- **TASK**:
Return each line of the records holding the string "copper".

- **DATASET EXCERPTS**:
┌────────
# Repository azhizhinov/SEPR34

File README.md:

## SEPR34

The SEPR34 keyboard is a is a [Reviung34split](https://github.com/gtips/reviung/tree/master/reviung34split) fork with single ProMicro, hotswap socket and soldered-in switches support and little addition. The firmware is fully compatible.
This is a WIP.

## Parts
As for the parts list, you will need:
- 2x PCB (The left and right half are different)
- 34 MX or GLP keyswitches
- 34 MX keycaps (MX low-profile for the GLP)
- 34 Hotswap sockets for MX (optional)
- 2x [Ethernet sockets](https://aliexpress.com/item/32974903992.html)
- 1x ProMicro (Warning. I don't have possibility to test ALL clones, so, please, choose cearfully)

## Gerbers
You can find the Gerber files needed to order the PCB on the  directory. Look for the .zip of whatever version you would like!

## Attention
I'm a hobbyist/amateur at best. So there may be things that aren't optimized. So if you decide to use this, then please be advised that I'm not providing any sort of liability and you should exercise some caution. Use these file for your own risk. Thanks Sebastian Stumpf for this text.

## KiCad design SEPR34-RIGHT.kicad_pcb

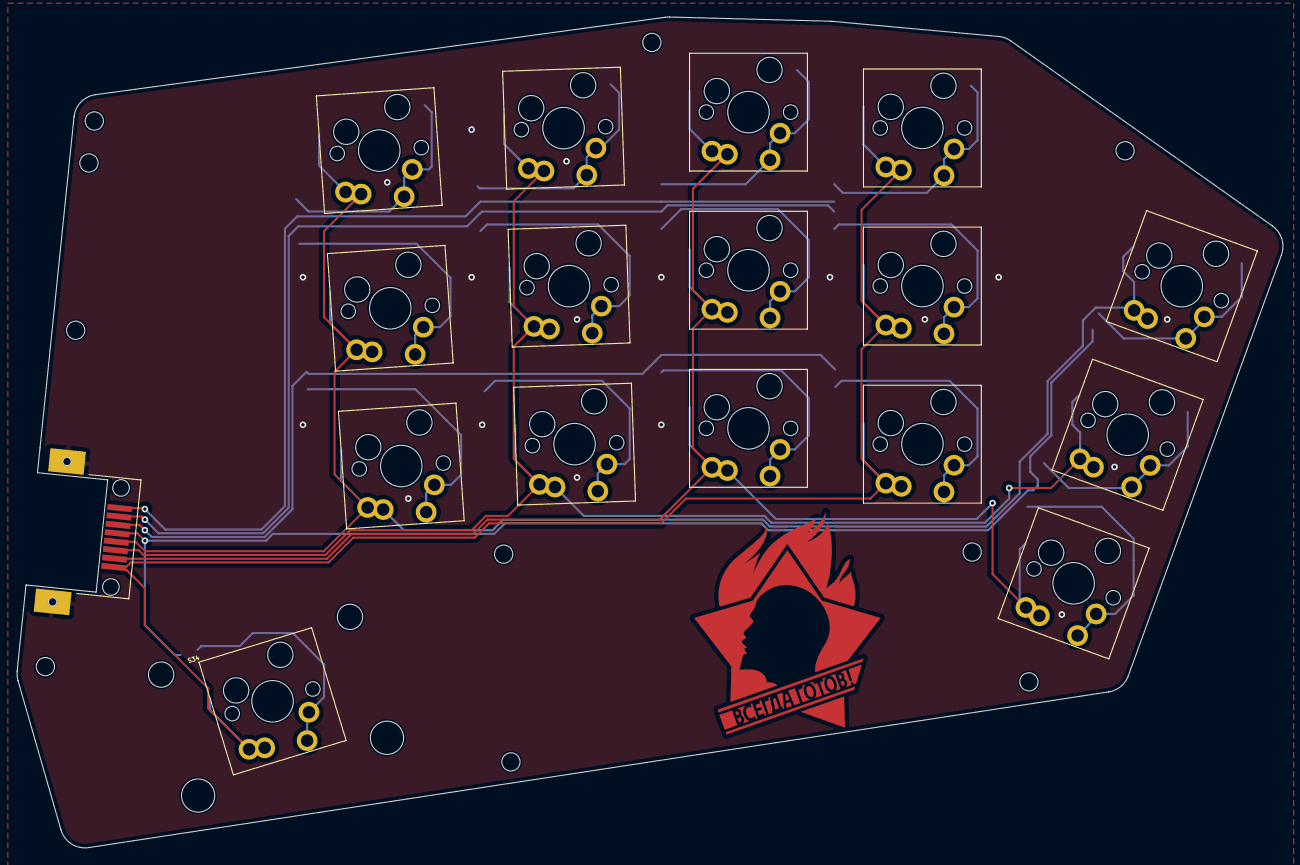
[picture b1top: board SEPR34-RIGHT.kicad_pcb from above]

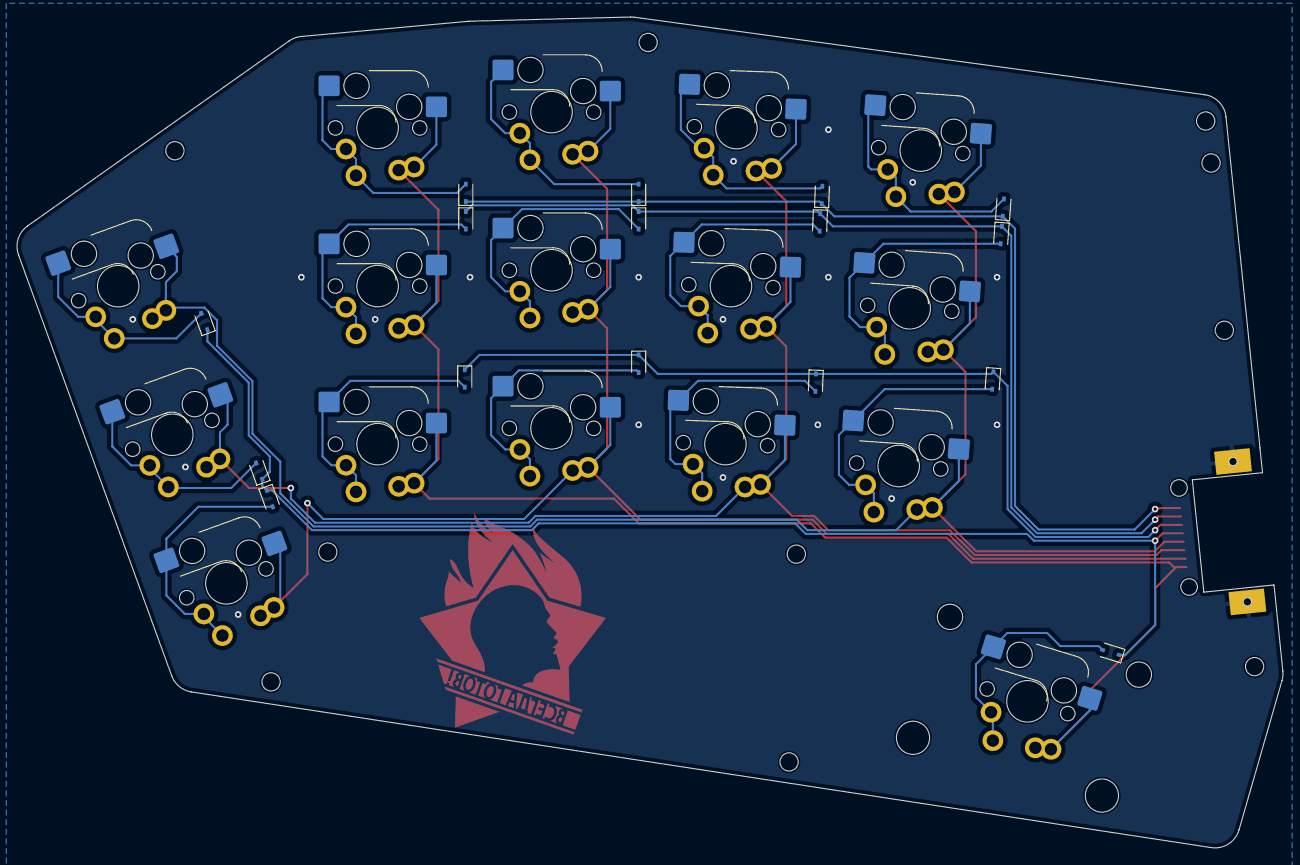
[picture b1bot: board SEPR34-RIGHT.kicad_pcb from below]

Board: 2 copper layers, 152.5 x 100.1 mm, 43 parts (16 on the bottom side), 24 nets.

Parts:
D19, D20, D21, D22, D23, D24, D25, D26, D27, D28, D29, D30, D31, D32, D33, D34: 1N4148; D_SOD-323
H1, H2, H3, H4, H5: MountingHole; MountingHole_2.2mm_M2
H?: MountingHole; MountingHole_2.2mm_M2
H?#2, H?#3, H?#4, H?#5: MountingHole; MountingHole_2.2mm_M2
J1: 8P8C; SEPOR-RJ45-SOCKET
S19, S20, S21, S22, S23, S24, S25, S26, S27, S28, S29, S30, S31, S32, S33: SWITCH; SEPOR-MX-KS27-HOTSWAP-1U
S34: SW_PUSH_2.0U; SEPOR-MX-KS27-HOTSWAP-2U

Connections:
unnamed: D19.2 (A), S19.2
unnamed: D20.2 (A), S20.2
unnamed: D21.2 (A), S21.2
unnamed: D22.2 (A), S22.2
unnamed: D23.2 (A), S23.2
unnamed: D24.2 (A), S24.2
unnamed: D25.2 (A), S25.2
unnamed: D26.2 (A), S26.2
unnamed: D27.2 (A), S27.2
unnamed: D28.2 (A), S28.2
unnamed: D29.2 (A), S29.2
unnamed: D30.2 (A), S30.2
unnamed: D31.2 (A), S31.2
unnamed: D32.2 (A), S32.2
unnamed: D33.2 (A), S33.2
unnamed: D34.2 (A), S34.2
col5: J1.5, S19.1, S23.1, S27.1, S31.1
col6: J1.6, S20.1, S24.1, S28.1, S32.1
col7: J1.7, S21.1, S25.1, S29.1, S33.1
col8: J1.8, S22.1, S26.1, S30.1, S34.1
row0: D19.1 (K), D20.1 (K), D21.1 (K), D22.1 (K), J1.1
row1: D23.1 (K), D24.1 (K), D25.1 (K), D26.1 (K), J1.2
row2: D27.1 (K), D28.1 (K), D29.1 (K), D30.1 (K), J1.3
row3: D31.1 (K), D32.1 (K), D33.1 (K), D34.1 (K), J1.4

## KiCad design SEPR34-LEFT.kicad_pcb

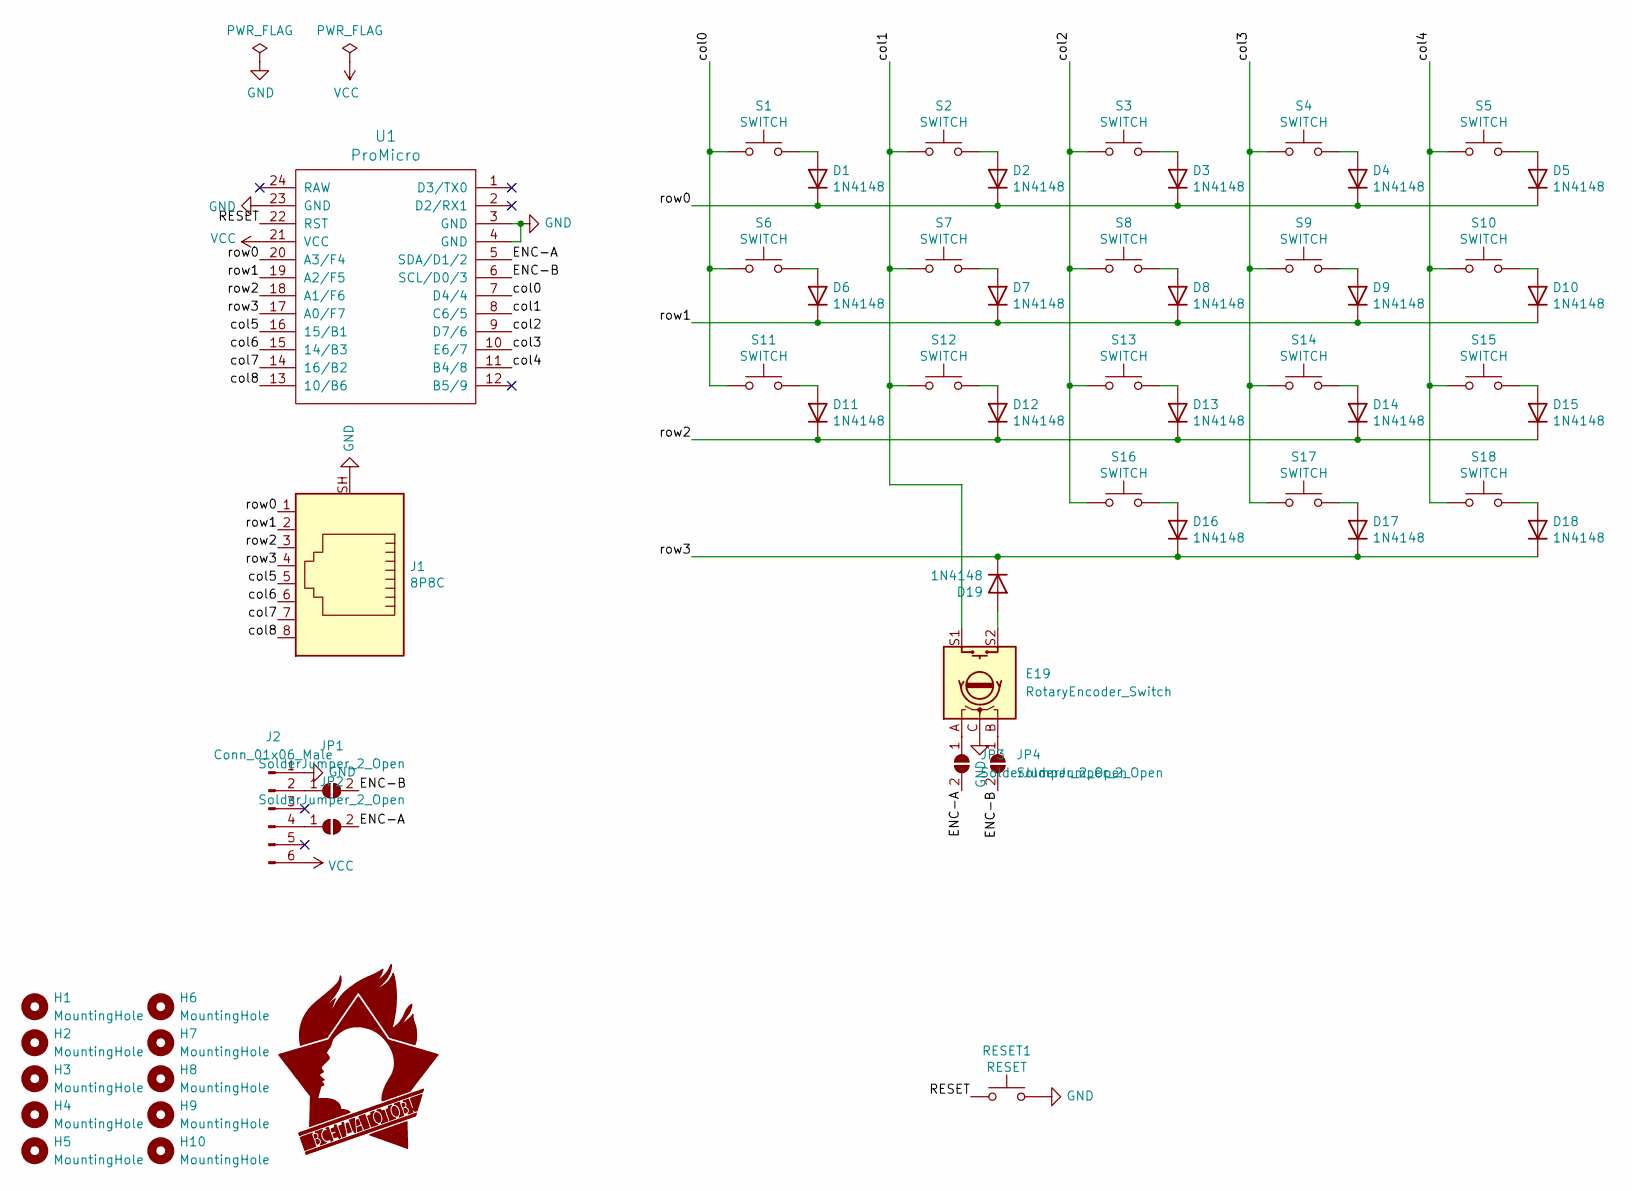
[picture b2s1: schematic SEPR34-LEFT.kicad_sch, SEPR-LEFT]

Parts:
D1, D2, D3, D4, D5, D6, D7, D8, D9, D10, D11, D12, D13, D14, D15, D16, D17, D18, D19: 1N4148; D_SOD-323
E19: RotaryEncoder_Switch; RotaryEncoder_Alps_EC11E-Switch_Vertical_H20mm
H1, H2, H3, H4, H5, H6, H7, H8, H9, H10: MountingHole; MountingHole_2.2mm_M2
J1: 8P8C; RJ45-HELING-MJ88-XX11-HLSV6-SMD
J2: Conn_01x06_Male; PinHeader_2x03_P2.00mm_Vertical
JP1, JP2, JP3, JP4: SolderJumper_2_Open; SolderJumper-2_P1.3mm_Open_TrianglePad1.0x1.5mm
RESET1: RESET; SW_SPST_TL3342
S1, S2, S3, S4, S5, S6, S7, S8, S9, S10, S11, S12, S13, S14, S15, S16, S17, S18: SWITCH; SEPOR-MX-KS27-HOTSWAP-1U
U1: ProMicro

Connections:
ENC-A: JP2.2 (B), JP3.2 (B), U1.5 (SDA/D1/2)
ENC-B: JP1.2 (B), JP4.2 (B), U1.6 (SCL/D0/3)
GND: E19.C, J1.SH, J2.1, RESET1.2, U1.3 (GND), U1.4 (GND), U1.23 (GND)
unnamed: D1.2 (A), S1.2
unnamed: D2.2 (A), S2.2
unnamed: D3.2 (A), S3.2
unnamed: D4.2 (A), S4.2
unnamed: D5.2 (A), S5.2
unnamed: D6.2 (A), S6.2
unnamed: D7.2 (A), S7.2
unnamed: D8.2 (A), S8.2
unnamed: D9.2 (A), S9.2
unnamed: D10.2 (A), S10.2
unnamed: D11.2 (A), S11.2
unnamed: D12.2 (A), S12.2
unnamed: D13.2 (A), S13.2
unnamed: D14.2 (A), S14.2
unnamed: D15.2 (A), S15.2
unnamed: D16.2 (A), S16.2
unnamed: D17.2 (A), S17.2
unnamed: D18.2 (A), S18.2
unnamed: D19.2 (A), E19.S2
unnamed: E19.A, JP3.1 (A)
unnamed: E19.B, JP4.1 (A)
unnamed: J2.2, JP1.1 (A)
unnamed: J2.4, JP2.1 (A)
VCC: J2.6, U1.21 (VCC)
col0: S1.1, S6.1, S11.1, U1.7 (D4/4)
col1: E19.S1, S2.1, S7.1, S12.1, U1.8 (C6/5)
col2: S3.1, S8.1, S13.1, S16.1, U1.9 (D7/6)
col3: S4.1, S9.1, S14.1, S17.1, U1.10 (E6/7)
col4: S5.1, S10.1, S15.1, S18.1, U1.11 (B4/8)
col5: J1.5, U1.16 (15/B1)
col6: J1.6, U1.15 (14/B3)
col7: J1.7, U1.14 (16/B2)
col8: J1.8, U1.13 (10/B6)
reset: RESET1.1, U1.22 (RST)
row0: D1.1 (K), D2.1 (K), D3.1 (K), D4.1 (K), D5.1 (K), J1.1, U1.20 (A3/F4)
row1: D6.1 (K), D7.1 (K), D8.1 (K), D9.1 (K), D10.1 (K), J1.2, U1.19 (A2/F5)
row2: D11.1 (K), D12.1 (K), D13.1 (K), D14.1 (K), D15.1 (K), J1.3, U1.18 (A1/F6)
row3: D16.1 (K), D17.1 (K), D18.1 (K), D19.1 (K), J1.4, U1.17 (A0/F7)

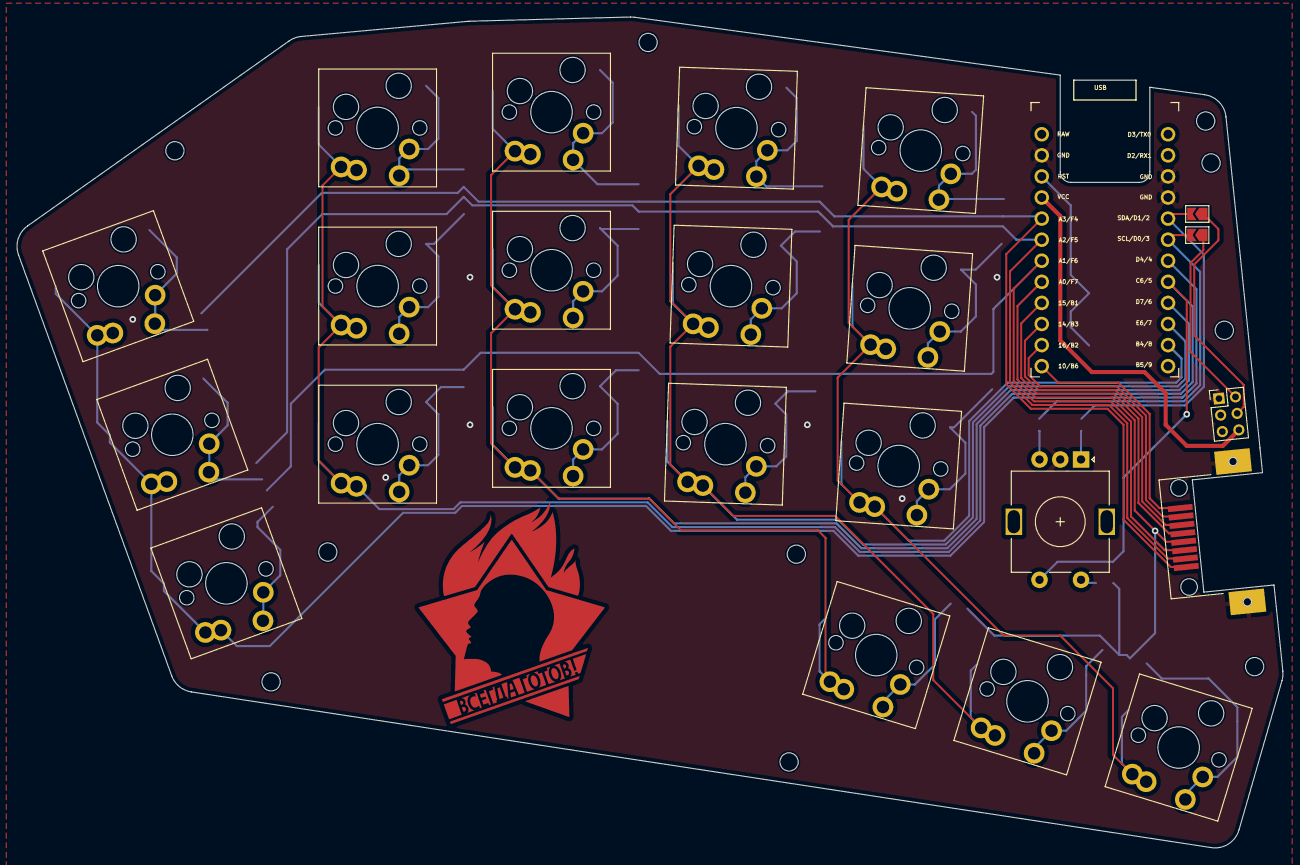
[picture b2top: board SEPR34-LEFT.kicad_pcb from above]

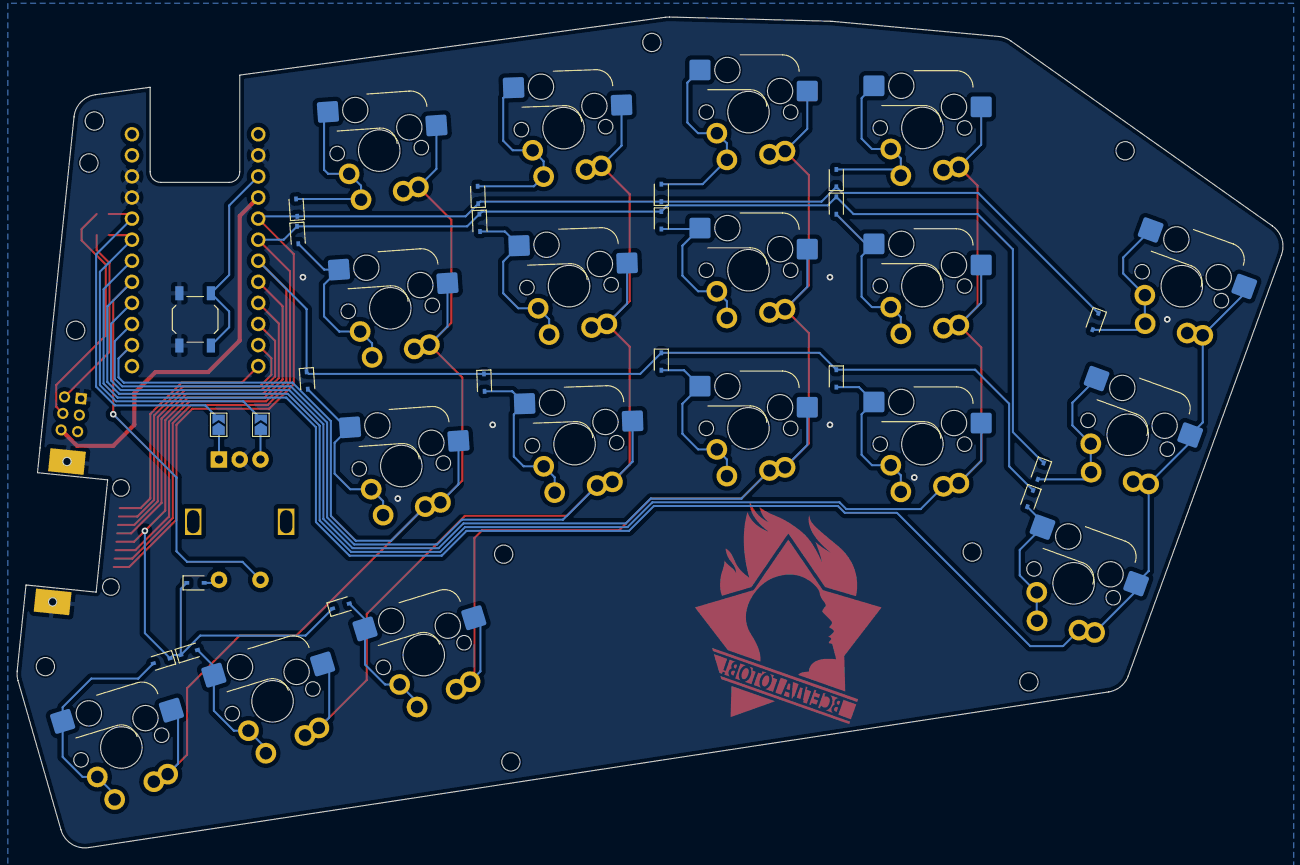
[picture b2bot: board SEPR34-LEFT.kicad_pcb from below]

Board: 2 copper layers, 152.5 x 100.1 mm, 56 parts (22 on the bottom side), 41 nets.
└────────
- **SOLUTION TO THE PROBLEM**:
Board: 2 copper layers, 152.5 x 100.1 mm, 43 parts (16 on the bottom side), 24 nets.
Board: 2 copper layers, 152.5 x 100.1 mm, 56 parts (22 on the bottom side), 41 nets.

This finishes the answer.